Site/species | Model significance | R2 | Normalized correlation coefficient |
Semi-partial correlation |
||
Wood resistivity | Soil water content | Wood resistivity | Soil water content | |||
Brislach/mature beech | P <0.001 | 0.97 | 0.93 | 0.23 | 0.92 | 0.23 |
Brislach/mature spruce | P <0.001 | 0.81 | 0.81 | 0.24 | 0.78 | 0.23 |
Allschwil/young beech | P <0.001 | 0.94 | 0.92 | 0.25 | 0.92 | 0.25 |
Allschwil/young spruce | P <0.001 | 0.53 | 0.55 | 0.30 | 0.50 | 0.28 |
All parameter estimates were significant at P <0.001. Calculated absorptive root surface area (ARSA) values were normalized by the starting value.
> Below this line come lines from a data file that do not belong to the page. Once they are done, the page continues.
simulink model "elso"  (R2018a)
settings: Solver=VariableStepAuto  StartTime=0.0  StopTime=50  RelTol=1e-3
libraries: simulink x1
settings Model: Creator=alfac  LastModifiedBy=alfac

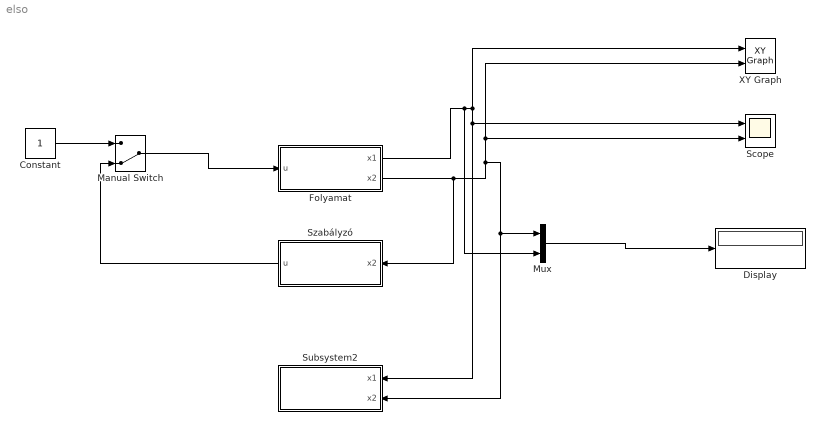
== system elso ==
  Constant : Constant
  Display : Display
  Folyamat : Subsystem  mask{omega=6, x0=[6; 10]}
  Manual Switch : ManualSwitch  CurrentSetting=0
  Mux : Mux  Inputs=2
  Scope : Scope  NumInputPorts=2
  Subsystem2 : Subsystem  mask{epszilon=0.01}
  Szabályzó : Subsystem
  XY Graph : simulink/Sinks/XY Graph  xmin=-1  xmax=1  ymin=-1  ymax=1  st=-1
  wires:
  Manual Switch/1 -> Folyamat/1(u)
  Constant/1 -> Manual Switch/1
  Folyamat/1(x1) -> Mux/2, Subsystem2/1(x1), Scope/1, XY Graph/1
  Folyamat/2(x2) -> Szabályzó/1(x2), Subsystem2/2(x2), Mux/1, XY Graph/2, Scope/2
  Szabályzó/1(u) -> Manual Switch/2
  Mux/1 -> Display/1

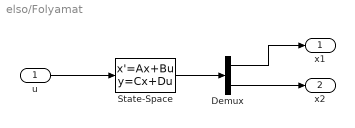
== system elso/Folyamat ==
  u : Inport
  Demux : Demux  Outputs=2
  State-Space : StateSpace  A=[0 omega; -omega 0]  B=[0; 1]  C=[1 0; 0 1]  D=[0; 0]  InitialCondition=x0
  x1 : Outport
  x2 : Outport  Port=2
  wires:
  u/1 -> State-Space/1
  State-Space/1 -> Demux/1
  Demux/1 -> x1/1
  Demux/2 -> x2/1

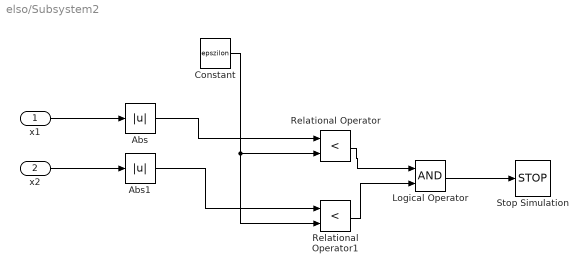
== system elso/Subsystem2 ==
  x1 : Inport
  x2 : Inport  Port=2
  Abs : Abs
  Abs1 : Abs
  Constant : Constant  Value=epszilon
  Logical Operator : Logic  AllPortsSameDT=off  OutDataTypeStr=boolean
  Relational Operator : RelationalOperator  Operator=<  OutDataTypeStr=boolean  RndMeth=Simplest
  Relational Operator1 : RelationalOperator  Operator=<  OutDataTypeStr=boolean  RndMeth=Simplest
  Stop Simulation : Stop
  wires:
  x1/1 -> Abs/1
  x2/1 -> Abs1/1
  Constant/1 -> Relational Operator1/2, Relational Operator/2
  Abs1/1 -> Relational Operator1/1
  Relational Operator/1 -> Logical Operator/1
  Relational Operator1/1 -> Logical Operator/2
  Abs/1 -> Relational Operator/1
  Logical Operator/1 -> Stop Simulation/1

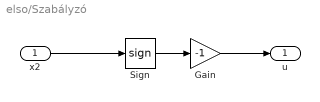
== system elso/Szabályzó ==
  x2 : Inport
  Gain : Gain  Gain=-1
  Sign : Signum
  u : Outport
  wires:
  Gain/1 -> u/1
  Sign/1 -> Gain/1
  x2/1 -> Sign/1

Studies on temperate tree species, using established methods such as mini-rhizotrons, revealed a seasonal variation in the appearance of new and highly permeable fine roots and root hydraulic conductance (Lyr and Hoffmann, 1967; Smit et al., 2000b; Nardini et al., 2002; Tierney et al., 2003; Gaul et al., 2008; Mainiero et al., 2009, 2010). Both parameters largely coincide with the intense growth period and high water demand, i.e. they reach a maximum in late spring and summer. The seasonal course of ARSA thus severely conflicts with previous studies as it suggests the lowest absorption capacity in the summer.
As changes in ARSA correlated with xylem and soil moisture, the latter being a determinant for soil resistivity (Samouëlian et al., 2005; Amato et al., 2009), the present results provide strong evidence that both, xylem and soil resistance, are two major parts of a tree's Rg. Supporting the findings of experiments 1 and 3, the conclusions contrast to Hypotheses I, V, and VI.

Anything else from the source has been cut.